====== PROVIDED RECORDS

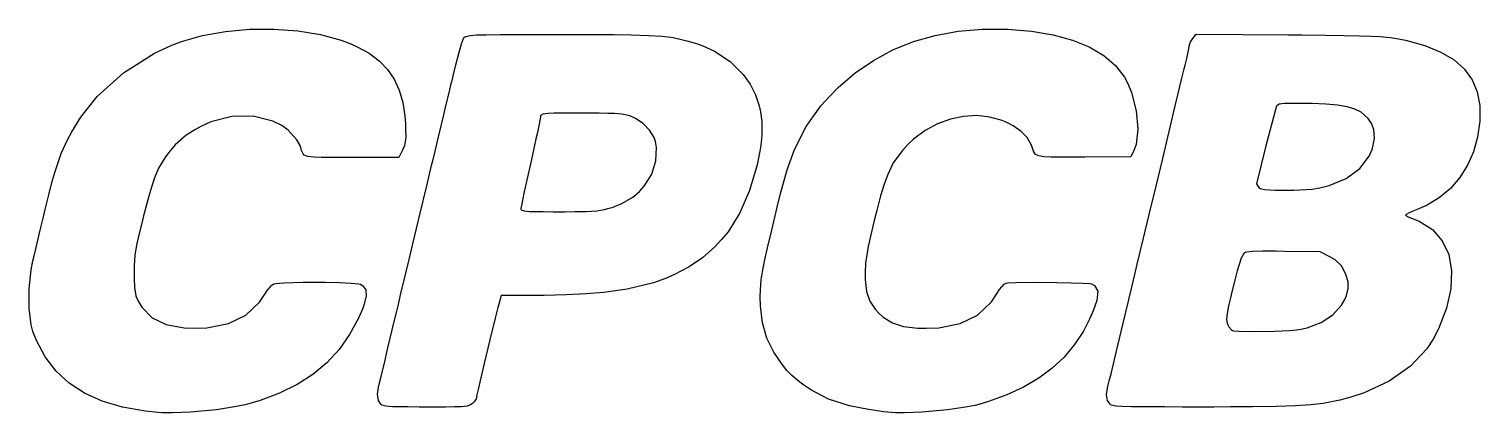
# Model space of a CAD drawing. Extents: x 100 to 1903, y 0 to 393.
# Drawn here: x 1020 to 1903, y 80 to 314 of the extents above; entities that cross this region are included whole.
import ezdxf

# ---------------------------------------------------------------- set-up
doc = ezdxf.new("R2010")
doc.units = 0

msp = doc.modelspace()

# ---------------------------------------------------------------- linework, layer by layer
for p, q in [((1112.388433, 306.387799), (1125.27197, 310.025484)), ((1125.27197, 310.025484), (1139.252434, 312.49104)), ((1139.252434, 312.49104), (1153.875467, 313.781058)), ((1153.875467, 313.781058), (1168.686709, 313.892133)), ((1168.686709, 313.892133), (1183.231803, 312.820856)), ((1183.231803, 312.820856), (1197.05639, 310.56382)), ((1197.05639, 310.56382), (1209.706109, 307.117617)), ((1284.754729, 308.890447), (1285.509904, 309.432994)), ((1285.509904, 309.432994), (1288.282996, 310.017626)), ((1288.282996, 310.017626), (1292.011842, 310.27823)), ((1292.011842, 310.27823), (1297.874032, 310.454425)), ((1297.874032, 310.454425), (1306.408925, 310.562424)), ((1306.408925, 310.562424), (1318.155879, 310.618438)), ((1318.155879, 310.618438), (1329.398468, 310.636084)), ((1329.398468, 310.636084), (1338.178212, 310.640046)), ((1338.178212, 310.640046), (1342.978772, 310.640447)), ((1342.978772, 310.640447), (1348.549173, 310.63926)), ((1348.549173, 310.63926), (1358.758001, 310.627288)), ((1358.758001, 310.627288), (1367.80603, 310.597016)), ((1367.80603, 310.597016), (1375.79146, 310.541842)), ((1375.79146, 310.541842), (1385.992048, 310.397946)), ((1385.992048, 310.397946), (1396.790274, 310.057303)), ((1396.790274, 310.057303), (1405.105717, 309.498202)), ((1405.105717, 309.498202), (1411.723979, 308.667824)), ((1558.046316, 306.274866), (1571.277702, 310.066039)), ((1571.277702, 310.066039), (1585.22637, 312.572507)), ((1585.22637, 312.572507), (1599.894937, 313.795329)), ((1599.894937, 313.795329), (1607.5, 313.925705)), ((1607.5, 313.925705), (1615.277007, 313.758941)), ((1615.277007, 313.758941), (1629.847043, 312.619281)), ((1629.847043, 312.619281), (1643.054241, 310.425652)), ((1643.054241, 310.425652), (1654.837561, 307.203105)), ((1728.119714, 308.065509), (1730.239428, 310.760289)), ((1730.239428, 310.760289), (1786.369714, 310.371509)), ((1786.369714, 310.371509), (1794.621079, 310.310942)), ((1794.621079, 310.310942), (1808.869011, 310.181759)), ((1808.869011, 310.181759), (1820.405149, 310.032753)), ((1820.405149, 310.032753), (1829.583017, 309.853014)), ((1829.583017, 309.853014), (1836.756138, 309.631631)), ((1836.756138, 309.631631), (1842.278037, 309.357692)), ((1842.278037, 309.357692), (1848.238173, 308.824376)), ((1095.975099, 299.181682), (1106.5, 304.130473)), ((1106.5, 304.130473), (1112.388433, 306.387799)), ((1209.706109, 307.117617), (1215.448407, 304.947514)), ((1215.448407, 304.947514), (1219.450216, 303.142102)), ((1219.450216, 303.142102), (1226.630664, 299.120699)), ((1281.203942, 299.051871), (1282.922214, 304.981019)), ((1282.922214, 304.981019), (1284.194264, 308.082982)), ((1284.194264, 308.082982), (1284.754729, 308.890447)), ((1411.723979, 308.667824), (1420.187669, 306.798065)), ((1420.187669, 306.798065), (1426, 305.058399)), ((1426, 305.058399), (1429.810237, 303.725826)), ((1429.810237, 303.725826), (1436.988721, 300.438273)), ((1436.988721, 300.438273), (1446.524026, 294.087013)), ((1533.724934, 294.834159), (1545.529598, 301.197926)), ((1545.529598, 301.197926), (1558.046316, 306.274866)), ((1654.837561, 307.203105), (1665.135964, 302.97669)), ((1665.135964, 302.97669), (1673.888409, 297.771458)), ((1724.487555, 295.875817), (1725.576255, 300.849177)), ((1725.576255, 300.849177), (1725.949537, 302.979214)), ((1725.949537, 302.979214), (1726, 303.54565)), ((1726, 303.54565), (1726.622666, 305.626204)), ((1726.622666, 305.626204), (1728.119714, 308.065509)), ((1848.238173, 308.824376), (1851.178679, 308.371315)), ((1851.178679, 308.371315), (1857.696993, 307.031337)), ((1857.696993, 307.031337), (1869.338342, 303.818937)), ((1869.338342, 303.818937), (1879.162044, 299.858947)), ((1077.055756, 287.261487), (1095.975099, 299.181682)), ((1226.630664, 299.120699), (1232.741555, 294.511064)), ((1232.741555, 294.511064), (1237.81649, 289.264248)), ((1277.981208, 286.120913), (1279.445742, 292.14007)), ((1279.445742, 292.14007), (1281.203942, 299.051871)), ((1446.524026, 294.087013), (1454.376514, 286.249567)), ((1522.629708, 287.182504), (1533.724934, 294.834159)), ((1673.888409, 297.771458), (1681.033855, 291.612459)), ((1681.033855, 291.612459), (1686.511265, 284.524744)), ((1722.957984, 289.65774), (1723.527548, 291.930509)), ((1723.527548, 291.930509), (1724.487555, 295.875817)), ((1879.162044, 299.858947), (1887.219366, 295.106175)), ((1887.219366, 295.106175), (1893.561577, 289.515428)), ((1061.105164, 272.760967), (1077.055756, 287.261487)), ((1237.81649, 289.264248), (1241.889073, 283.331299)), ((1241.889073, 283.331299), (1244.992903, 276.663267)), ((1277.147456, 282.640447), (1277.981208, 286.120913)), ((1454.376514, 286.249567), (1458.563321, 280.319908)), ((1512.241306, 278.241901), (1522.629708, 287.182504)), ((1686.511265, 284.524744), (1688.60538, 280.640447)), ((1719.065274, 273.737163), (1721.535506, 283.895821)), ((1721.535506, 283.895821), (1722.957984, 289.65774)), ((1893.561577, 289.515428), (1898.239945, 283.041512)), ((1898.239945, 283.041512), (1901.305736, 275.639233)), ((1244.992903, 276.663267), (1247.161582, 269.2112)), ((1273.443312, 267.164665), (1275.501078, 275.754216)), ((1275.501078, 275.754216), (1276.678754, 280.677849)), ((1276.678754, 280.677849), (1277.147456, 282.640447)), ((1458.563321, 280.319908), (1461.83228, 273.911165)), ((1461.83228, 273.911165), (1464.11542, 267.095917)), ((1507.311346, 273.287912), (1512.241306, 278.241901)), ((1688.60538, 280.640447), (1690.776929, 275.343259)), ((1690.776929, 275.343259), (1693.729679, 264.091094)), ((1901.305736, 275.639233), (1902.810221, 267.263399)), ((1051.182965, 260.276331), (1061.105164, 272.760967)), ((1247.161582, 269.2112), (1248.428713, 260.926147)), ((1272.117968, 261.640447), (1273.443312, 267.164665)), ((1464.11542, 267.095917), (1464.866067, 263.558534)), ((1492.653375, 254.515566), (1501.766831, 267.093041)), ((1501.766831, 267.093041), (1507.311346, 273.287912)), ((1713.764266, 251.552947), (1717.483333, 267.140447)), ((1717.483333, 267.140447), (1719.065274, 273.737163)), ((1778.974088, 266.390447), (1772.630583, 242.731029)), ((1779.338364, 267.119572), (1778.974088, 266.390447)), ((1780.655504, 268.068408), (1779.338364, 267.119572)), ((1784.021255, 268.500135), (1780.655504, 268.068408)), ((1788.80229, 268.601603), (1784.021255, 268.500135)), ((1793.419728, 268.608971), (1788.80229, 268.601603)), ((1796.228561, 268.603691), (1793.419728, 268.608971)), ((1800.887743, 268.555646), (1796.228561, 268.603691)), ((1809.185033, 268.224706), (1800.887743, 268.555646)), ((1816.210272, 267.553681), (1809.185033, 268.224706)), ((1822.070709, 266.510231), (1816.210272, 267.553681)), ((1826.873597, 265.062018), (1822.070709, 266.510231)), ((1830.726187, 263.176702), (1826.873597, 265.062018)), ((1902.810221, 267.263399), (1902.992994, 262.696275)), ((1045.575988, 251.219695), (1051.182965, 260.276331)), ((1130.295215, 257.38612), (1124.228404, 254.604969)), ((1143.097429, 260.630415), (1130.295215, 257.38612)), ((1156.01346, 260.77531), (1143.097429, 260.630415)), ((1168.110144, 257.810336), (1156.01346, 260.77531)), ((1173.559616, 255.158377), (1168.110144, 257.810336)), ((1248.428713, 260.926147), (1248.734698, 256.455955)), ((1248.734698, 256.455955), (1248.876041, 252.881647)), ((1269.086217, 248.993572), (1272.117968, 261.640447)), ((1330.852388, 259.143176), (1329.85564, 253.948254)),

============

WORK TO COMPLETE: What you return must be an exact retyping of the lines above starting at the line with "import ezdxf" and ending at the line with "layer by layer", and nothing besides.

RESPONSE FOR THIS EXERCISE:
import ezdxf

# ---------------------------------------------------------------- set-up
doc = ezdxf.new("R2010")
doc.units = 0

msp = doc.modelspace()

# ---------------------------------------------------------------- linework, layer by layer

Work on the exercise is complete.